The Society for Healthcare Epidemiologists of America (SHEA) has published the long-awaited white paper on data requirements for electronic surveillance of healthcare-associated infections.1 The publication is timely as acute care hospital infection preventionists (IPs) are faced with federally mandated reporting of healthcare-associated infections (HAIs) in non-ICU patient populations. This additional surveillance requirement may substantially add to the 50% time effort that IPs currently allocate to HAI detection.
Surprisingly, the majority of IPs in the United States perform manual surveillance despite the availability of automated surveillance technologies for nearly three decades. More importantly, evidence shows that the subjective nature of traditional surveillance is potentially biased and has led to inter-institutional variability in the use of surveillance techniques and the interpretation of infection definitions. These inconsistencies affect the validity of publicly reported data that should be defined by consistently applied objective criteria. The National Healthcare Safety Network (NHSN) has responded to this evidence by revising HAI definitions to reduce complexity and by supporting the development of computer-based detection algorithms and the use of electronic healthcare data for HAI surveillance.

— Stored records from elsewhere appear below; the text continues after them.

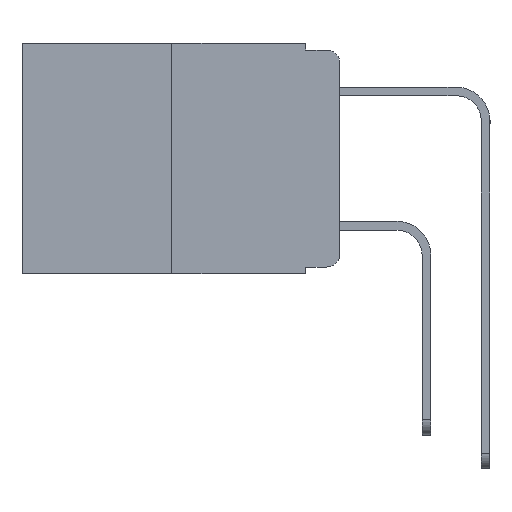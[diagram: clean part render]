
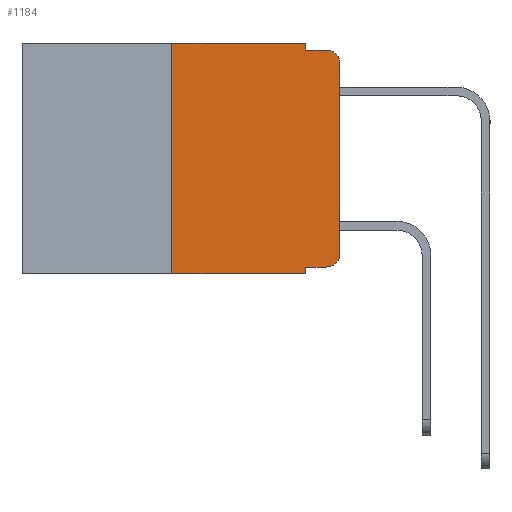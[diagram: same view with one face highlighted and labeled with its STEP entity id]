
A CAD part, left-side view. The second image highlights one B-rep face of the part: STEP entity #1184.
In plain terms, the highlighted planar face has unit normal (-1, 0, 0).
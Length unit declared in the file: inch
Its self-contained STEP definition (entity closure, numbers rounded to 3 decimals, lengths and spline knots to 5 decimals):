
#219 = VERTEX_POINT ( 'NONE', #6399 ) ;
#426 = DIRECTION ( 'NONE',  ( 0., 0., 1. ) ) ;
#668 = EDGE_LOOP ( 'NONE', ( #4112, #11697, #12243, #10073, #11960, #9664, #2166, #1937, #10912, #15473 ) ) ;
#960 = VECTOR ( 'NONE', #4461, 39.37008 ) ;
#1008 = CARTESIAN_POINT ( 'NONE',  ( 0., 0.051, -0.01 ) ) ;
#1034 = EDGE_CURVE ( 'NONE', #2214, #12035, #7210, .T. ) ;
#1060 = FACE_OUTER_BOUND ( 'NONE', #668, .T. ) ;
#1184 = ADVANCED_FACE ( 'NONE', ( #1060 ), #11870, .F. ) ;
#1248 = VERTEX_POINT ( 'NONE', #2915 ) ;
#1490 = LINE ( 'NONE', #2343, #12037 ) ;
#1596 = VERTEX_POINT ( 'NONE', #1008 ) ;
#1782 = VERTEX_POINT ( 'NONE', #12039 ) ;
#1937 = ORIENTED_EDGE ( 'NONE', *, *, #6773, .F. ) ;
#1975 = CARTESIAN_POINT ( 'NONE',  ( 0., 0.02, -0.03 ) ) ;
#2166 = ORIENTED_EDGE ( 'NONE', *, *, #7010, .T. ) ;
#2214 = VERTEX_POINT ( 'NONE', #8139 ) ;
#2343 = CARTESIAN_POINT ( 'NONE',  ( 0., 0.051, 0. ) ) ;
#2454 = VECTOR ( 'NONE', #12925, 39.37008 ) ;
#2482 = CARTESIAN_POINT ( 'NONE',  ( 0., 0.051, -0.333 ) ) ;
#2485 = DIRECTION ( 'NONE',  ( 0., -1., 0. ) ) ;
#2839 = VERTEX_POINT ( 'NONE', #2482 ) ;
#2915 = CARTESIAN_POINT ( 'NONE',  ( 0., 0.02, -0.333 ) ) ;
#2952 = EDGE_CURVE ( 'NONE', #1248, #4458, #9739, .T. ) ;
#3484 = DIRECTION ( 'NONE',  ( 0., 0., -1. ) ) ;
#3716 = DIRECTION ( 'NONE',  ( 1., 0., 0. ) ) ;
#3717 = CARTESIAN_POINT ( 'NONE',  ( 0., 0.473, 0. ) ) ;
#4112 = ORIENTED_EDGE ( 'NONE', *, *, #12880, .T. ) ;
#4139 = DIRECTION ( 'NONE',  ( 0., 0., -1. ) ) ;
#4273 = DIRECTION ( 'NONE',  ( -1., 0., 0. ) ) ;
#4321 = CARTESIAN_POINT ( 'NONE',  ( 0., 0.02, -0.313 ) ) ;
#4362 = VERTEX_POINT ( 'NONE', #9790 ) ;
#4458 = VERTEX_POINT ( 'NONE', #6337 ) ;
#4461 = DIRECTION ( 'NONE',  ( 0., -1., 0. ) ) ;
#5342 = DIRECTION ( 'NONE',  ( 0., 0., 1. ) ) ;
#5611 = VECTOR ( 'NONE', #5342, 39.37008 ) ;
#5639 = VECTOR ( 'NONE', #5933, 39.37008 ) ;
#5848 = EDGE_CURVE ( 'NONE', #2839, #1248, #10043, .T. ) ;
#5933 = DIRECTION ( 'NONE',  ( 0., 0., -1. ) ) ;
#6082 = LINE ( 'NONE', #8596, #5639 ) ;
#6337 = CARTESIAN_POINT ( 'NONE',  ( 0., 0., -0.313 ) ) ;
#6399 = CARTESIAN_POINT ( 'NONE',  ( 0., 0.25, -0.343 ) ) ;
#6604 = DIRECTION ( 'NONE',  ( 0., 0., -1. ) ) ;
#6773 = EDGE_CURVE ( 'NONE', #2839, #1782, #6082, .T. ) ;
#6877 = CARTESIAN_POINT ( 'NONE',  ( 0., 0.051, 0. ) ) ;
#7010 = EDGE_CURVE ( 'NONE', #219, #1782, #9803, .T. ) ;
#7210 = LINE ( 'NONE', #9459, #10248 ) ;
#7686 = EDGE_CURVE ( 'NONE', #219, #2214, #9181, .T. ) ;
#8139 = CARTESIAN_POINT ( 'NONE',  ( 0., 0.25, 0. ) ) ;
#8276 = VERTEX_POINT ( 'NONE', #16850 ) ;
#8596 = CARTESIAN_POINT ( 'NONE',  ( 0., 0.051, 0. ) ) ;
#9181 = LINE ( 'NONE', #11950, #5611 ) ;
#9417 = EDGE_CURVE ( 'NONE', #12035, #1596, #1490, .T. ) ;
#9459 = CARTESIAN_POINT ( 'NONE',  ( 0., 0.473, 0. ) ) ;
#9664 = ORIENTED_EDGE ( 'NONE', *, *, #7686, .F. ) ;
#9739 = CIRCLE ( 'NONE', #12643, 0.02 ) ;
#9790 = CARTESIAN_POINT ( 'NONE',  ( 0., 0.02, -0.01 ) ) ;
#9803 = LINE ( 'NONE', #16621, #2454 ) ;
#10043 = LINE ( 'NONE', #10705, #13078 ) ;
#10073 = ORIENTED_EDGE ( 'NONE', *, *, #9417, .F. ) ;
#10248 = VECTOR ( 'NONE', #11378, 39.37008 ) ;
#10258 = CARTESIAN_POINT ( 'NONE',  ( 0., 0., 0. ) ) ;
#10268 = EDGE_CURVE ( 'NONE', #1596, #4362, #12009, .T. ) ;
#10563 = AXIS2_PLACEMENT_3D ( 'NONE', #1975, #11590, #3484 ) ;
#10705 = CARTESIAN_POINT ( 'NONE',  ( 0., 0.051, -0.333 ) ) ;
#10912 = ORIENTED_EDGE ( 'NONE', *, *, #5848, .T. ) ;
#11062 = CARTESIAN_POINT ( 'NONE',  ( 0., 0.051, -0.01 ) ) ;
#11163 = EDGE_CURVE ( 'NONE', #8276, #4362, #16070, .T. ) ;
#11378 = DIRECTION ( 'NONE',  ( 0., -1., 0. ) ) ;
#11590 = DIRECTION ( 'NONE',  ( -1., 0., 0. ) ) ;
#11697 = ORIENTED_EDGE ( 'NONE', *, *, #11163, .T. ) ;
#11870 = PLANE ( 'NONE',  #13376 ) ;
#11950 = CARTESIAN_POINT ( 'NONE',  ( 0., 0.25, 0. ) ) ;
#11960 = ORIENTED_EDGE ( 'NONE', *, *, #1034, .F. ) ;
#12009 = LINE ( 'NONE', #11062, #960 ) ;
#12035 = VERTEX_POINT ( 'NONE', #6877 ) ;
#12037 = VECTOR ( 'NONE', #14358, 39.37008 ) ;
#12039 = CARTESIAN_POINT ( 'NONE',  ( 0., 0.051, -0.343 ) ) ;
#12141 = VECTOR ( 'NONE', #426, 39.37008 ) ;
#12243 = ORIENTED_EDGE ( 'NONE', *, *, #10268, .F. ) ;
#12643 = AXIS2_PLACEMENT_3D ( 'NONE', #4321, #4273, #4139 ) ;
#12880 = EDGE_CURVE ( 'NONE', #4458, #8276, #15460, .T. ) ;
#12925 = DIRECTION ( 'NONE',  ( 0., -1., 0. ) ) ;
#13078 = VECTOR ( 'NONE', #2485, 39.37008 ) ;
#13376 = AXIS2_PLACEMENT_3D ( 'NONE', #3717, #3716, #6604 ) ;
#14358 = DIRECTION ( 'NONE',  ( 0., 0., -1. ) ) ;
#15460 = LINE ( 'NONE', #10258, #12141 ) ;
#15473 = ORIENTED_EDGE ( 'NONE', *, *, #2952, .T. ) ;
#16070 = CIRCLE ( 'NONE', #10563, 0.02 ) ;
#16621 = CARTESIAN_POINT ( 'NONE',  ( 0., 0.473, -0.343 ) ) ;
#16850 = CARTESIAN_POINT ( 'NONE',  ( 0., 0., -0.03 ) ) ;

Woeltje and colleagues provided an overview of different approaches to electronic surveillance: semi-automated systems that assist the IP in performing surveillance, and fully electronic systems that conduct surveillance entirely independent of IP involvement. They provided a comprehensive description of required data elements in the table below:
Facilities considering the implementation of electronic surveillance need to decide which data elements are needed from the EMR and other supporting databases and how the data should be structured. An ideal semi-automated surveillance system will have alerts that reliably eliminate data from patients who do not have HAIs (high negative predictive value) and good specificity (detection of true negative cases). It is emphasized that facilities must conduct internal validation at start-up and whenever interface changes are made to ensure that the data received is complete and accurate.
With the current focus on fully electronic surveillance systems – which perform surveillance in its entirety without case review – effective use of the data will be dependent on the IP’s skills and understanding of the strengths and limitations of output from algorithmic detection models. NHSN and the infection prevention professional societies of SHEA and the Association for Professionals in Infection Control and Epidemiology (APIC) need to offer educational programs and mentoring to address information technology knowledge deficits in the IP community as the future direction for surveillance is clear.
1 Woeltje KF, Yin MY, Klompas M, Wright MO, et al. Data Requirements for Electronic Surveillance of Healthcare-Associated Infections. Infect Control Hosp Epidemiol 2014;35(9):1083-1091.